Fue Walter Mondale, otro vicepresidente y candidato presidencial demócrata derrotado por un republicano (Reagan), precursor de la fórmula rust-belt. El cinturón de orín de las fábricas cerradas y el desempleo proletario que Trump quiere des-oxidar a fuerza de impuestos aduaneros. Quiere revertir el proceso globalizador que ganó ímpetu con Clinton y los Bush Sr y Jr. Quiere forzar una relocalización productiva en los estados industriales del Medio Oeste. Quiere cemento, petróleo y automotores (curiosamente, el eco argentino que estas palabras hacen resonar es el del presidente desarrollista Arturo Frondizi).

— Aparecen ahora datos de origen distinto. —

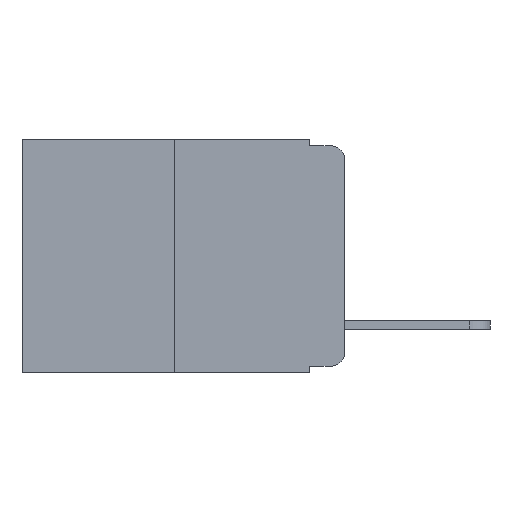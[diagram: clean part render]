
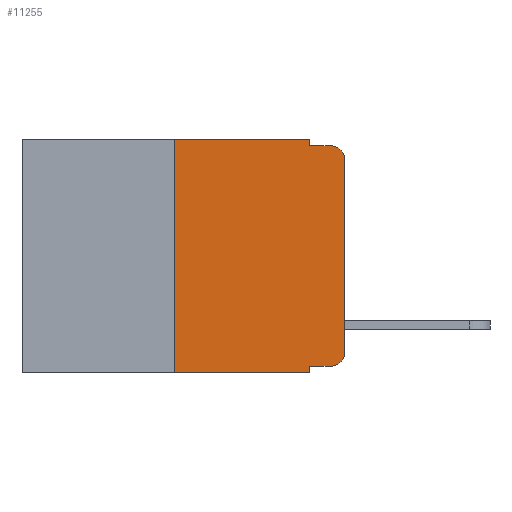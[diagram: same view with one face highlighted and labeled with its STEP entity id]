
A CAD part, left-side view. The second image highlights one B-rep face of the part: STEP entity #11255.
In plain terms, the highlighted planar face has unit normal (-1, 0, 0).
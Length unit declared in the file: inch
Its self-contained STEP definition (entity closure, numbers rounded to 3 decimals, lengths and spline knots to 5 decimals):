
#38 = CARTESIAN_POINT ( 'NONE',  ( 0., 0., -0.03 ) ) ;
#55 = ORIENTED_EDGE ( 'NONE', *, *, #11500, .T. ) ;
#94 = LINE ( 'NONE', #3730, #232 ) ;
#141 = ORIENTED_EDGE ( 'NONE', *, *, #7353, .T. ) ;
#232 = VECTOR ( 'NONE', #967, 39.37008 ) ;
#440 = LINE ( 'NONE', #7281, #493 ) ;
#493 = VECTOR ( 'NONE', #3351, 39.37008 ) ;
#610 = VERTEX_POINT ( 'NONE', #9694 ) ;
#967 = DIRECTION ( 'NONE',  ( 0., -1., 0. ) ) ;
#1225 = VERTEX_POINT ( 'NONE', #6888 ) ;
#1426 = VERTEX_POINT ( 'NONE', #2996 ) ;
#1569 = VECTOR ( 'NONE', #10383, 39.37008 ) ;
#1845 = VECTOR ( 'NONE', #13228, 39.37008 ) ;
#1885 = EDGE_LOOP ( 'NONE', ( #8569, #9311, #9692, #10005, #10722, #7822, #11864, #11943, #141, #55 ) ) ;
#2135 = LINE ( 'NONE', #12057, #1845 ) ;
#2143 = CARTESIAN_POINT ( 'NONE',  ( 0., 0., -0.313 ) ) ;
#2996 = CARTESIAN_POINT ( 'NONE',  ( 0., 0.051, -0.333 ) ) ;
#3139 = VERTEX_POINT ( 'NONE', #3959 ) ;
#3218 = AXIS2_PLACEMENT_3D ( 'NONE', #5984, #5982, #5967 ) ;
#3311 = AXIS2_PLACEMENT_3D ( 'NONE', #9008, #8893, #8881 ) ;
#3351 = DIRECTION ( 'NONE',  ( 0., 0., 1. ) ) ;
#3423 = VERTEX_POINT ( 'NONE', #8010 ) ;
#3455 = VERTEX_POINT ( 'NONE', #6218 ) ;
#3730 = CARTESIAN_POINT ( 'NONE',  ( 0., 0.051, -0.333 ) ) ;
#3847 = LINE ( 'NONE', #6596, #9245 ) ;
#3959 = CARTESIAN_POINT ( 'NONE',  ( 0., 0.25, 0. ) ) ;
#4828 = VERTEX_POINT ( 'NONE', #2143 ) ;
#4920 = AXIS2_PLACEMENT_3D ( 'NONE', #10989, #10959, #10922 ) ;
#5093 = LINE ( 'NONE', #10554, #7541 ) ;
#5119 = CIRCLE ( 'NONE', #3218, 0.02 ) ;
#5967 = DIRECTION ( 'NONE',  ( 0., 0., -1. ) ) ;
#5982 = DIRECTION ( 'NONE',  ( -1., 0., 0. ) ) ;
#5984 = CARTESIAN_POINT ( 'NONE',  ( 0., 0.02, -0.313 ) ) ;
#5999 = EDGE_CURVE ( 'NONE', #4828, #9188, #8712, .T. ) ;
#6218 = CARTESIAN_POINT ( 'NONE',  ( 0., 0.02, -0.333 ) ) ;
#6326 = VERTEX_POINT ( 'NONE', #8203 ) ;
#6554 = DIRECTION ( 'NONE',  ( 0., -1., 0. ) ) ;
#6596 = CARTESIAN_POINT ( 'NONE',  ( 0., 0.473, 0. ) ) ;
#6660 = LINE ( 'NONE', #10180, #8749 ) ;
#6888 = CARTESIAN_POINT ( 'NONE',  ( 0., 0.051, 0. ) ) ;
#6897 = EDGE_CURVE ( 'NONE', #6326, #610, #2135, .T. ) ;
#7234 = EDGE_CURVE ( 'NONE', #6326, #3139, #440, .T. ) ;
#7281 = CARTESIAN_POINT ( 'NONE',  ( 0., 0.25, 0. ) ) ;
#7353 = EDGE_CURVE ( 'NONE', #1426, #3455, #94, .T. ) ;
#7541 = VECTOR ( 'NONE', #10501, 39.37008 ) ;
#7822 = ORIENTED_EDGE ( 'NONE', *, *, #7234, .F. ) ;
#8010 = CARTESIAN_POINT ( 'NONE',  ( 0., 0.02, -0.01 ) ) ;
#8203 = CARTESIAN_POINT ( 'NONE',  ( 0., 0.25, -0.343 ) ) ;
#8244 = CARTESIAN_POINT ( 'NONE',  ( 0., 0.051, -0.01 ) ) ;
#8354 = EDGE_CURVE ( 'NONE', #9188, #3423, #12941, .T. ) ;
#8408 = EDGE_CURVE ( 'NONE', #1225, #8661, #5093, .T. ) ;
#8410 = EDGE_CURVE ( 'NONE', #8661, #3423, #10313, .T. ) ;
#8545 = VECTOR ( 'NONE', #12468, 39.37008 ) ;
#8569 = ORIENTED_EDGE ( 'NONE', *, *, #5999, .T. ) ;
#8661 = VERTEX_POINT ( 'NONE', #8244 ) ;
#8712 = LINE ( 'NONE', #12486, #8545 ) ;
#8749 = VECTOR ( 'NONE', #10205, 39.37008 ) ;
#8881 = DIRECTION ( 'NONE',  ( 0., 0., -1. ) ) ;
#8893 = DIRECTION ( 'NONE',  ( 1., 0., 0. ) ) ;
#8936 = PLANE ( 'NONE',  #3311 ) ;
#9008 = CARTESIAN_POINT ( 'NONE',  ( 0., 0.473, 0. ) ) ;
#9188 = VERTEX_POINT ( 'NONE', #38 ) ;
#9245 = VECTOR ( 'NONE', #6554, 39.37008 ) ;
#9311 = ORIENTED_EDGE ( 'NONE', *, *, #8354, .T. ) ;
#9692 = ORIENTED_EDGE ( 'NONE', *, *, #8410, .F. ) ;
#9694 = CARTESIAN_POINT ( 'NONE',  ( 0., 0.051, -0.343 ) ) ;
#10005 = ORIENTED_EDGE ( 'NONE', *, *, #8408, .F. ) ;
#10180 = CARTESIAN_POINT ( 'NONE',  ( 0., 0.051, 0. ) ) ;
#10205 = DIRECTION ( 'NONE',  ( 0., 0., -1. ) ) ;
#10313 = LINE ( 'NONE', #10460, #1569 ) ;
#10383 = DIRECTION ( 'NONE',  ( 0., -1., 0. ) ) ;
#10460 = CARTESIAN_POINT ( 'NONE',  ( 0., 0.051, -0.01 ) ) ;
#10501 = DIRECTION ( 'NONE',  ( 0., 0., -1. ) ) ;
#10554 = CARTESIAN_POINT ( 'NONE',  ( 0., 0.051, 0. ) ) ;
#10722 = ORIENTED_EDGE ( 'NONE', *, *, #11449, .F. ) ;
#10922 = DIRECTION ( 'NONE',  ( 0., 0., -1. ) ) ;
#10959 = DIRECTION ( 'NONE',  ( -1., 0., 0. ) ) ;
#10989 = CARTESIAN_POINT ( 'NONE',  ( 0., 0.02, -0.03 ) ) ;
#11129 = EDGE_CURVE ( 'NONE', #1426, #610, #6660, .T. ) ;
#11255 = ADVANCED_FACE ( 'NONE', ( #13192 ), #8936, .F. ) ;
#11449 = EDGE_CURVE ( 'NONE', #3139, #1225, #3847, .T. ) ;
#11500 = EDGE_CURVE ( 'NONE', #3455, #4828, #5119, .T. ) ;
#11864 = ORIENTED_EDGE ( 'NONE', *, *, #6897, .T. ) ;
#11943 = ORIENTED_EDGE ( 'NONE', *, *, #11129, .F. ) ;
#12057 = CARTESIAN_POINT ( 'NONE',  ( 0., 0.473, -0.343 ) ) ;
#12468 = DIRECTION ( 'NONE',  ( 0., 0., 1. ) ) ;
#12486 = CARTESIAN_POINT ( 'NONE',  ( 0., 0., 0. ) ) ;
#12941 = CIRCLE ( 'NONE', #4920, 0.02 ) ;
#13192 = FACE_OUTER_BOUND ( 'NONE', #1885, .T. ) ;
#13228 = DIRECTION ( 'NONE',  ( 0., -1., 0. ) ) ;

Las fábricas con chimeneas cayeron víctimas de la mundialización, el libre comercio y la economía de la inteligencia de Musk y los magnates del Silicon Valley que en 2016 fueron sus adversarios irónicos y en 2024 sus fans sin distancia. Y el tejido comunitario cayó víctima del fentanilo, en una narrativa a la cual el vicepresidente J.D.Vance dedicó su autobiografía en forma de elegía rural blanca -el libro es un long-seller-. Los acuerdos militares con México para combatir el tráfico de opiodes en un Armagedón buscan trocar el llanto elegíaco (en la patria) por el furor épico (en tierra extranjera). 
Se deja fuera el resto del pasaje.